Amazing. How lucky you each were to have each other.
An amazing tribute, filled with love, understanding & fond memories...Lewis, so beautifully captured, your words, your Father would be proud. Thankyou for sharing your memories, such a gorgeous friendship that you both had...big hugs xxx
I believe he's smiling knowing he still lives through your heart. No one can take away those beautiful memories my friend.
I finally get it... the Spirit of Saint Lewis.
It was nice of you to pay tribute to your Dad today. He would be so proud of you, just as I am proud of you :)
You are truly an inspiration honey.
Lewis. I'm finally catching up on my friends and I'm overwhelmed tonight with your stories about your dad. I've been reading through the entries and getting chills. Gosh, I don't know how much I can put into words, but thank you for sharing this. He sounds like an amazing man, and his love for you is beautiful, as is yours for him. I feel really lucky to be able to read this - and I think that's all I can say! It's overwhelming (in a good way). Thank you.
Impressive piece Lewis. Impressive not only for the well written prose, but for the courage it took to be as real as you were.
Beliefs about the afterlife aside, I have no doubt your father knows you for the man you have become, and currently are. And of course, I have no doubt he is very proud.
Wow that was touching very beautiful.
A beautifully story, gorgeously told, Lewis. I'm another man whose father never knew--our relationship was complex as the father-son dynamic can be--so I understand and share your feelings. You are a lovely man and so must he have been to have such a son.
i need to take a walk now, i need to realize how short any life can be, i feel i know you even more, even though we've been close friends for years, thank you for sharing your fathers legacy with me
That was a wonderful story. I believe those life lessons are still with you and I am certain you continually have experiences, which remind you of him.
He's not truly gone from your life.
the posts on your dad were just awesome. seems like what u did is open up the gates for all of us who read see your dad is still working his magic i just know he is very proud of u as we all are. awesome job bro but thats why we come here 4 the words of wisdom!
i will send you something privately
The final parting is indescribable no matter how many words we put down.
It's been 13 years, and I'm so sorry you had to be far away from your dad when he passed.

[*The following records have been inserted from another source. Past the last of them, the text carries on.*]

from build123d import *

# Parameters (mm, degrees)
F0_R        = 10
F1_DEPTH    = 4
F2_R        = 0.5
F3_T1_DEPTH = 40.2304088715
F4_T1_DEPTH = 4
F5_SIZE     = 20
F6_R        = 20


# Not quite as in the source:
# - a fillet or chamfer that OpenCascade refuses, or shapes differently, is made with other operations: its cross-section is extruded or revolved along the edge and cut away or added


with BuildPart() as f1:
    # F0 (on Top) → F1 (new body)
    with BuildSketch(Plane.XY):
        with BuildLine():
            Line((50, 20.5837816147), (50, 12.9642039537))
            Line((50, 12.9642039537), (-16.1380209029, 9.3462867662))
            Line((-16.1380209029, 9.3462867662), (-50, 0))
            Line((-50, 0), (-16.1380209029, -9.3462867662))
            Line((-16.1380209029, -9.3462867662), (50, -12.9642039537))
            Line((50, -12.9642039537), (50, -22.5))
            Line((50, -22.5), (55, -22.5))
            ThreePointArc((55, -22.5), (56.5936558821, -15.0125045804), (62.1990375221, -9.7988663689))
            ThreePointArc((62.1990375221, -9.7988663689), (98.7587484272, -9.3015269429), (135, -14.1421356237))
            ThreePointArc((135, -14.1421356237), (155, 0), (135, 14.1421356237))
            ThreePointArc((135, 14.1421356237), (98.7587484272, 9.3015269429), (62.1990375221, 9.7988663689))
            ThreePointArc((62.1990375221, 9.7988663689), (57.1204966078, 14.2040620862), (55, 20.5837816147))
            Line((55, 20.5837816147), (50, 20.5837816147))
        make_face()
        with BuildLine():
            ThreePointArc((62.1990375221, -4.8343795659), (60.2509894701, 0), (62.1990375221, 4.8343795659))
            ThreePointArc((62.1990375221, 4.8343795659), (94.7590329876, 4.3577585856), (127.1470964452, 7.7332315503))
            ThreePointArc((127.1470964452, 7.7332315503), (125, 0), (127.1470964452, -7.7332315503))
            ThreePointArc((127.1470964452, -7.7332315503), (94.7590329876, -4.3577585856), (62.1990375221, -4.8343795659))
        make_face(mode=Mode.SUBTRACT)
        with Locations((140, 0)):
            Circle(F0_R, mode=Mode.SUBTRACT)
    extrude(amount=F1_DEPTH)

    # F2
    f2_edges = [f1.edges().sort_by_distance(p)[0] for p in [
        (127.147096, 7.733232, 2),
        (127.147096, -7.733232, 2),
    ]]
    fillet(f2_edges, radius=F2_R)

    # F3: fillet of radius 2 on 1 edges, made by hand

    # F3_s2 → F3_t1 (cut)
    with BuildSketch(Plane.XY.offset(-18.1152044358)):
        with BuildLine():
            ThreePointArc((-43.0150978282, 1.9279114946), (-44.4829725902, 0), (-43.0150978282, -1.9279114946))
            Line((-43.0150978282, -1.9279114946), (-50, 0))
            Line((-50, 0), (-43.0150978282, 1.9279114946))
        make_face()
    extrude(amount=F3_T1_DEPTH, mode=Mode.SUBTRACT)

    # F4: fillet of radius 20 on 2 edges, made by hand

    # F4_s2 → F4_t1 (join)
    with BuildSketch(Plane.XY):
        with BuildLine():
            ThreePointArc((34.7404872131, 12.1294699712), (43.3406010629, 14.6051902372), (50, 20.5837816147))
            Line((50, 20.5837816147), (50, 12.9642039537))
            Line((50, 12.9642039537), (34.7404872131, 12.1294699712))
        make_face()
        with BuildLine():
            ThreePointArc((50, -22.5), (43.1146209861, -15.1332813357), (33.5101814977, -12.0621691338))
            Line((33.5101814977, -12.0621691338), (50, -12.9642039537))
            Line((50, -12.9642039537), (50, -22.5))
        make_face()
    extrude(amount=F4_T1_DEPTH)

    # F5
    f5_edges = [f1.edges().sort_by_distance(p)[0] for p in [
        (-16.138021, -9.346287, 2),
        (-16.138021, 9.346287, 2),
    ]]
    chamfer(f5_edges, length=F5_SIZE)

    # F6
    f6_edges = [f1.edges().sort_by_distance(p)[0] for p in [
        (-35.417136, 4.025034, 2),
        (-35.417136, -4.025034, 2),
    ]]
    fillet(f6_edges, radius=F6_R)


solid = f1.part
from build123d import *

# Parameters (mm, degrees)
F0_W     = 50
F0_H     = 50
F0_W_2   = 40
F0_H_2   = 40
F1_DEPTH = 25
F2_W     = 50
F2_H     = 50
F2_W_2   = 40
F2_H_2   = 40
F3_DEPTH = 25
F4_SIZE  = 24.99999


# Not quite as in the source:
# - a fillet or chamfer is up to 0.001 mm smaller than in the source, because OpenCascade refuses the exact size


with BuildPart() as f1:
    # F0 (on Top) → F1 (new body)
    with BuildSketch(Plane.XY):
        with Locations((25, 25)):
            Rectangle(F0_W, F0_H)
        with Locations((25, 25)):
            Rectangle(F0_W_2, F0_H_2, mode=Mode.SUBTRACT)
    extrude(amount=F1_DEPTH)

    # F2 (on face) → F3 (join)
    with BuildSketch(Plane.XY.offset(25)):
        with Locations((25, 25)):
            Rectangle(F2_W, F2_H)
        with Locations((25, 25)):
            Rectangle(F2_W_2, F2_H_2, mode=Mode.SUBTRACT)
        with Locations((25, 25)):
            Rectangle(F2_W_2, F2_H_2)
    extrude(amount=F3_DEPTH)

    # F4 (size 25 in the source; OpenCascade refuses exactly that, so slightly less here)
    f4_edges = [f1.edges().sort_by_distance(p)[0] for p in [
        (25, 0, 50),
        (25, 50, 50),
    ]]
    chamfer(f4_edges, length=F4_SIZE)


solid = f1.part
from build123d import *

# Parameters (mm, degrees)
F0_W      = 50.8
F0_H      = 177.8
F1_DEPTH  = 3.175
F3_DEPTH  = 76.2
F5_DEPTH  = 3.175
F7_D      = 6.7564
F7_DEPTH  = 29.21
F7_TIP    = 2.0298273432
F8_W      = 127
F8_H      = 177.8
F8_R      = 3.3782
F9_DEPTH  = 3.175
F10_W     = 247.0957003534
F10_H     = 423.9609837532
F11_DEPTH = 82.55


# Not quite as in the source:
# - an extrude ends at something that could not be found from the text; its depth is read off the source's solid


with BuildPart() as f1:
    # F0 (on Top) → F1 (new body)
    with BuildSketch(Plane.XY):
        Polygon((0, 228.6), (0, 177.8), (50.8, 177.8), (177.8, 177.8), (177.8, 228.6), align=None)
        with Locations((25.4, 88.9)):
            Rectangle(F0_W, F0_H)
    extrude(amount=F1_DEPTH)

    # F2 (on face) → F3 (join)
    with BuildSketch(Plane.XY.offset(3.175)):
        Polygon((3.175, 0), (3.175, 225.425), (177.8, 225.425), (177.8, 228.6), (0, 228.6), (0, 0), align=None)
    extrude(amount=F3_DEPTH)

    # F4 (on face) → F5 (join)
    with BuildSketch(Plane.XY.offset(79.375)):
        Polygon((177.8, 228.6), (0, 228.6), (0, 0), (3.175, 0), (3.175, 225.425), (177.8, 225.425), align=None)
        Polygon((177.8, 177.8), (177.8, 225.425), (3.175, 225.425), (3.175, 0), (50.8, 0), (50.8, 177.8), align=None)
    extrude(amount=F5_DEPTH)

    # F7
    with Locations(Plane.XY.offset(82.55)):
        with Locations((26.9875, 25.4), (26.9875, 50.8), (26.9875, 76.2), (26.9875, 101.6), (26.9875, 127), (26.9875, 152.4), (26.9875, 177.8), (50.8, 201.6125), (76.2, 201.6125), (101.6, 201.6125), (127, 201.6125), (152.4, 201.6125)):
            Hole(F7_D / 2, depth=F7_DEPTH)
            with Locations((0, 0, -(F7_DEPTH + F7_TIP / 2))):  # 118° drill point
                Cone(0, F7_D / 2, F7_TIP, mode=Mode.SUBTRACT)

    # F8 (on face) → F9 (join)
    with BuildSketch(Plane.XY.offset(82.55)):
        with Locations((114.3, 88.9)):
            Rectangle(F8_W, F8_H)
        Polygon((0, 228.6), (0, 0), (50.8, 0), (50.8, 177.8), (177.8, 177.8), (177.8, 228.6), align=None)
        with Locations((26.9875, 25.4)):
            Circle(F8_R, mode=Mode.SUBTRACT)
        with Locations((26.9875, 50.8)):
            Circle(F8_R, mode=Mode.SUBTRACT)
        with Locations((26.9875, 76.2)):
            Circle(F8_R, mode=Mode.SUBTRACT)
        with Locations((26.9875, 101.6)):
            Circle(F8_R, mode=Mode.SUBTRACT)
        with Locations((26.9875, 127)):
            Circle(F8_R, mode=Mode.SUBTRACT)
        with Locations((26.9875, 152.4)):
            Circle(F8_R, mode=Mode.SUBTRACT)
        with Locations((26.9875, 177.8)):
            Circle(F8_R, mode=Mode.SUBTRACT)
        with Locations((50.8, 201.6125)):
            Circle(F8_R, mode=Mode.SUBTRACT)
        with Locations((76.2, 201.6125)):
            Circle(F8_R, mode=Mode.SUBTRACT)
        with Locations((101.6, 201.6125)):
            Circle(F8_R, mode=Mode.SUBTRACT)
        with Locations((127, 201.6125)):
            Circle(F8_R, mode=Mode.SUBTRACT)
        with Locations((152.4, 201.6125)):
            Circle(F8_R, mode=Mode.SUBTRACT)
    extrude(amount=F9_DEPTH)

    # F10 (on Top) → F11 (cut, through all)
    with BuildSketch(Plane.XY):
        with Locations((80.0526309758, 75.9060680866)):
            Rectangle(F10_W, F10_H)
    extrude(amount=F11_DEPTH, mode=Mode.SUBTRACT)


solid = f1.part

Thanks for sharing your experience Lewis. xoxo
A most loving remembrance.
I put off reading these other two posts since I was an emotional mess this past week. I knew I'd be a wreck, jesus...still am. How do you say goodbye when you have no choice? How do you summarize a life and the gifts it has given to you in a glance or a kiss? It's impossible, I believe that's the science of a connection; one that will live on in you forever.
I thank you so deeply for sharing this, even though my eyes look like handbags. Thank you baby, thank you.
kb
Gosh. It's such a moving post. I cried. Lots.
I'm very sorry for your loss. Thank you for directing me here to read this.
Thanks for sharing this- I didn't remember reading it. Makes yesterday's ALS benefit even more meaningful to me.